This week's UCU strike is a struggle against a higher education system that sees students pay more, workers get less - and a few at the top rake in the profits.

This week and until 4 December, members of the University and College Union (UCU) will take industrial action for eight continuous working days. Full-time lecturers, teachers on casual contracts, researchers, academic support staff, and other university workers are striking because the university system is broken, and because the last time that the UCU waged a national strike, in February and March 2018, the breaking was not fixed.

Sixty universities face disruption. More than 40,000 UCU members are off the job. More than a million students may have at least some of their classes cancelled. If not for Conservative anti-union laws, which require a 50% turnout of affected members, these numbers would all be higher. This is no joke, and the scale of the strike is equalled only by the scale of the problems that plague higher education in the UK today.

These problems have found their way into the UCU’s demands. There is the déjà vu dispute about pensions: the 2018 strike occurred because university managers wanted to change the University Superannuation Scheme (USS) from a defined benefits scheme to a defined contributions scheme, making USS subscribers hundreds of thousands of pounds worse off. The 2018 strike forced employers to think again. But it didn’t resolve arguments over the valuation of the USS fund, an argument which determines whether or not contributions should rise, and benefits fall. This new strike has emerged out of the failure of the union and employers to agree to an alternative way forward.

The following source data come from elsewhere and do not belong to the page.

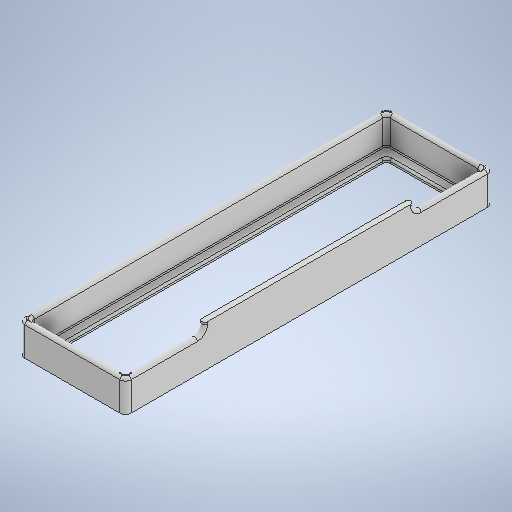
# Autodesk Inventor part: Case for ToolBox
Saved by Autodesk Inventor 2025 (Build 290162000, 162)
## iProperties
Created: 2024-11-06
Part Number: Case for ToolBox
Material: Типовые
Document SubType Name: Modeling
Designer: Makusimu
Density: 1 g/cm^3
Appearance: По умолчанию
Author: Makusimu
Autodesk Inventor part; units mm, degrees
ref_plane "YZ Plane" through (0, 0, 0) normal (1, 0, 0) x (0, 1, 0)
ref_plane "XZ Plane" through (0, 0, 0) normal (0, 1, 0) x (-1, 0, 0)
ref_plane "XY Plane" through (0, 0, 0) normal (0, 0, 1) x (1, 0, 0)
sketch "Эскиз1" plane through (0, 0, 0) normal (0, 1, 0) x (-1, 0, 0)
  line L0 (0, 0) -> (57, 0)
  line L1 (57, 0) -> (57, -197)
  line L2 (57, -197) -> (0, -197)
  line L3 (0, -197) -> (0, 0)
  line L4 (48.5, -8.5) -> (8.5, -8.5)
  line L5 (8.5, -8.5) -> (8.5, -188.5)
  line L6 (8.5, -188.5) -> (48.5, -188.5)
  line L7 (48.5, -188.5) -> (48.5, -8.5)
  point P0 (48.5, -98.5)
  point P1 (57, -98.5)
  point P2 (28.5, 0)
  point P3 (28.5, -8.5)
  dimension "d0" = 57
  dimension "d1" = 197
  dimension "d2" = 40
  dimension "d3" = 180
  dimension "d4" = 0
  dimension "d5" = 0
  constraints: 16 end point, 4 midpoint, 4 parallel, 2 horizontal, 2 perpendicular
  measures "d0" distance of L1.end L2.end
  measures "d1" distance of L0.end L1.end
  measures "d2" distance of L6.end L5.end
  measures "d3" distance of L5.end L4.end
  measures "d4" vertical distance of point (48.5, -98.5) point (57, -98.5)
  measures "d5" horizontal distance of point (28.5, 0) point (28.5, -8.5)
extrude "Выдавливание1" add sketch "Эскиз1" along normal blind 2
sketch "Эскиз2" plane through (0, 2, 0) normal (0, 1, 0) x (1, 0, 0)
  line L0 (-54, 3) -> (-3, 3)
  line L1 (-3, 3) -> (-3, 194)
  line L2 (-3, 194) -> (-54, 194)
  line L3 (-54, 194) -> (-54, 3)
  line L4 (-57, 197) -> (-57, 0) projected
  line L5 (-57, 0) -> (0, 0) projected
  line L6 (0, 0) -> (0, 197) projected
  line L7 (-57, 0) -> (0, 0)
  line L8 (0, 0) -> (0, 197)
  line L9 (0, 197) -> (-57, 197)
  line L10 (-57, 197) -> (-57, 0)
  point P0 (-57, 98.5)
  point P1 (-54, 98.5)
  point P2 (-28.5, 0)
  point P3 (-28.5, 3)
  dimension "d8" = 51
  dimension "d9" = 191
  dimension "d10" = 0
  dimension "d11" = 0
  constraints: 16 end point, 4 midpoint, 4 parallel, 2 horizontal, 2 perpendicular
  measures "d8" distance of L2.end L1.end
  measures "d9" distance of L1.end L0.end
  measures "d10" vertical distance of point (-57, 98.5) point (-54, 98.5)
  measures "d11" horizontal distance of point (-28.5, 0) point (-28.5, 3)
extrude "Выдавливание2" add sketch "Эскиз2" along normal blind 15
fillet "Сопряжение1" radius 2 4 edges at (-48.5, 1, -188.5) (-8.5, 1, -8.5) (-8.5, 1, -188.5) (-48.5, 1, -8.5)
fillet "Сопряжение2" radius 2 4 edges at (-54, 9.5, -3) (-3, 9.5, -3) (-3, 9.5, -194) (-54, 9.5, -194)
fillet "Сопряжение3" radius 3 4 edges at (0, 8.5, 0) (-57, 8.5, 0) (0, 8.5, -197) (-57, 8.5, -197)
fillet "Сопряжение5" radius 0.5 8 edges at (-3.5858, 2, -193.4142) (-28.5, 2, -194) (-53.4142, 2, -193.4142) (-54, 2, -98.5) (-53.4142, 2, -3.5858) (-28.5, 2, -3) (-3.5858, 2, -3.5858) (-3, 2, -98.5)
fillet "Сопряжение6" radius 1 8 edges at (-9.0858, 2, -9.0858) (-28.5, 2, -8.5) (-47.9142, 2, -9.0858) (-48.5, 2, -98.5) (-47.9142, 2, -187.9142) (-28.5, 2, -188.5) (-9.0858, 2, -187.9142) (-8.5, 2, -98.5)
sketch "Эскиз3" plane through (0, 17, 0) normal (0, 1, 0) x (1, 0, 0)
  line L0 (0, 3) -> (0, 194) projected
  line L1 (-3, 192) -> (-3, 5) projected
  line L2 (0, 154.5) -> (-3, 154.5)
  line L3 (-3, 154.5) -> (-3, 42.5)
  line L4 (-3, 42.5) -> (0, 42.5)
  line L5 (0, 42.5) -> (0, 154.5)
  point P0 (0, 0)
  point P1 (0, 98.5)
  point P2 (-1.5, 154.5)
  point P3 (0, 42.5)
  dimension "d20" = 112
  dimension "d21" = 56
  constraints: 8 end point, 2 midpoint, 2 parallel, 2 point on line, 1 horizontal, 1 perpendicular
  measures "d20" distance of L3.end L2.end
  measures "d21" vertical distance of point (0, 98.5) point (-1.5, 154.5)
extrude "Выдавливание3" add sketch "Эскиз3" along normal blind 5
fillet "Сопряжение7" radius 4 2 edges at (-1.5, 17, -42.5) (-1.5, 17, -154.5)
fillet "Сопряжение8" radius 1.5 26 edges at (-56.1213, 17, -0.8787) (-28.5, 17, 0) (-0.8787, 17, -0.8787) (0, 17, -20.75) (0, 18.1716, -41.3284) (0, 21.5, -42.5) (-56.1213, 17, -196.1213) (-28.5, 17, -197) (-0.8787, 17, -196.1213) (0, 17, -176.25) (0, 18.1716, -155.6716) (0, 21.5, -154.5) (-57, 17, -98.5) (-53.4142, 17, -193.4142) (-28.5, 17, -194) (-3.5858, 17, -193.4142) (-3, 17, -175.25) (-3, 18.1716, -155.6716) (-3, 21.5, -154.5) (-53.4142, 17, -3.5858) (-28.5, 17, -3) (-3.5858, 17, -3.5858) (-3, 17, -21.75) (-3, 18.1716, -41.3284) (-3, 21.5, -42.5) (-54, 17, -98.5)
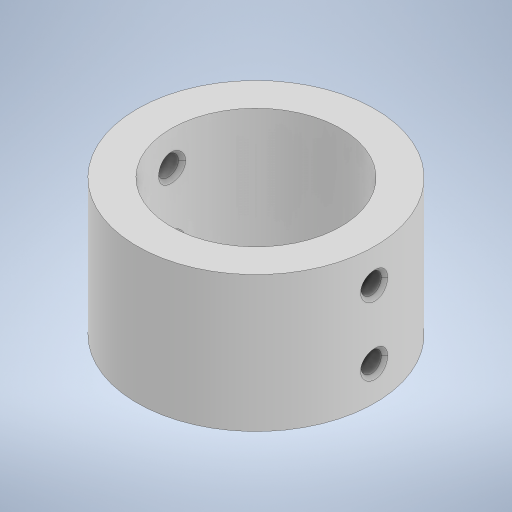
# Autodesk Inventor part: Муфта ограничителя шкива
Saved by Autodesk Inventor 2023 (Build 270158000, 158)
## iProperties
Created: 2022-05-17
Part Number: Муфта ограничителя шкива
Material: Типовые
Document SubType Name: Modeling
Designer: avkap
Density: 1 g/cm^3
Appearance: По умолчанию
Author: avkap
Autodesk Inventor part; units mm, degrees
ref_plane "YZ Plane" through (0, 0, 0) normal (1, 0, 0) x (0, 1, 0)
ref_plane "XZ Plane" through (0, 0, 0) normal (0, 1, 0) x (-1, 0, 0)
ref_plane "XY Plane" through (0, 0, 0) normal (0, 0, 1) x (1, 0, 0)
sketch "Эскиз1" plane through (0, 0, 0) normal (0, 1, 0) x (-1, 0, 0)
  circle A0 centre (0, 0) radius 12.5
  circle A1 centre (0, 0) radius 17.5
  dimension "d0" = 25
  dimension "d1" = 35
  constraints: 2 centre point, 2 coincident
  measures "d0" diameter of A0
  measures "d1" diameter of A1
extrude "Выдавливание1" add sketch "Эскиз1" along normal blind 20
sketch "Эскиз2" plane through (0, 0, 0) normal (1, 0, 0) x (0, 1, 0)
  line L0 (20, -17.5) -> (20, 17.5) projected
  line L1 (20, 0) -> (15, 0)
  circle A0 centre (15, 0) radius 1.5
  line L2 (15, 0) -> (5, 0)
  circle A1 centre (5, 0) radius 1.5
  point P0 (0, 0)
  dimension "d4" = 5
  dimension "d5" = 3
  dimension "d11" = 10
  dimension "d12" = 3
  constraints: 4 end point, 2 centre point, 2 coincident, 2 horizontal, 1 midpoint
  measures "d4" distance of L1.start L1.end
  measures "d5" diameter of A0
  measures "d11" distance of L2.start L2.end
  measures "d12" diameter of A1
extrude "Выдавливание2" cut sketch "Эскиз2" along normal mid plane 56.5
chamfer "Фаска1" distance 0.5 angle 45 12 edges at (-12.4097, 15.0001, 1.5) (-12.4097, 15.0013, -1.5) (12.5, 13.5001, -0.0192) (-17.4356, 15.0001, 1.5) (-17.4356, 15, -1.5) (17.5, 13.5001, -0.0201) (-17.4356, 5.0001, 1.5) (-17.4356, 5, -1.5) (17.5, 3.5001, -0.0201) (-12.4097, 5.0001, 1.5) (-12.4097, 5.0013, -1.5) (12.5, 3.5001, -0.0192)

Pay is another problem. The UCU estimates their members have lost about 20 percent in real terms in the past 10 years. They want a 3% rise in real pay to start to reverse that trend. At the same time, they want action from university managers on the increasing pressures of work across the university sector: academics pushed to write more papers, teach extra students, take on additional admin work, even as their pay declines. In at least one case these pressures have proved fatal. In 2018, a lecturer at Cardiff University took his own life when he could simply no longer cope with the stress. 

This new university strike is directed against a modern British disease, where workers work more to earn less. It’s also aimed against another aspect of that disease, the growth of job insecurity throughout the country. In the past 20 years, university managers have watched with folded arms as a growing proportion of academic staff have been shoved onto short-term contracts. Some estimates put the number of casualised academic staff as high as 170,000. The UCU wants those managers to commit to the only known cure for insecure work: secure work on a proper contract. 

The same applies to the clear differences in pay that still exist between men and women, between white and black and ethnic minority workers, and between those who are not disabled and those who are. These pay gaps have resisted all previous campaigns to stamp them out. The UCU wants universities to replace fine words and high-sounding aims about equality and diversity with action, and real results. 

This dispute, then, is not about a struggling pension plan but a broken system. The last strike was like a course of therapy, where a dispute about pensions became an open discussion about the many dysfunctions of higher education in general, and created a new network of activists inside the UCU, who helped elect a new general secretary, Jo Grady, in early 2019. This new strike is an attempt to bring those dysfunctions to the public view, and have them solved. 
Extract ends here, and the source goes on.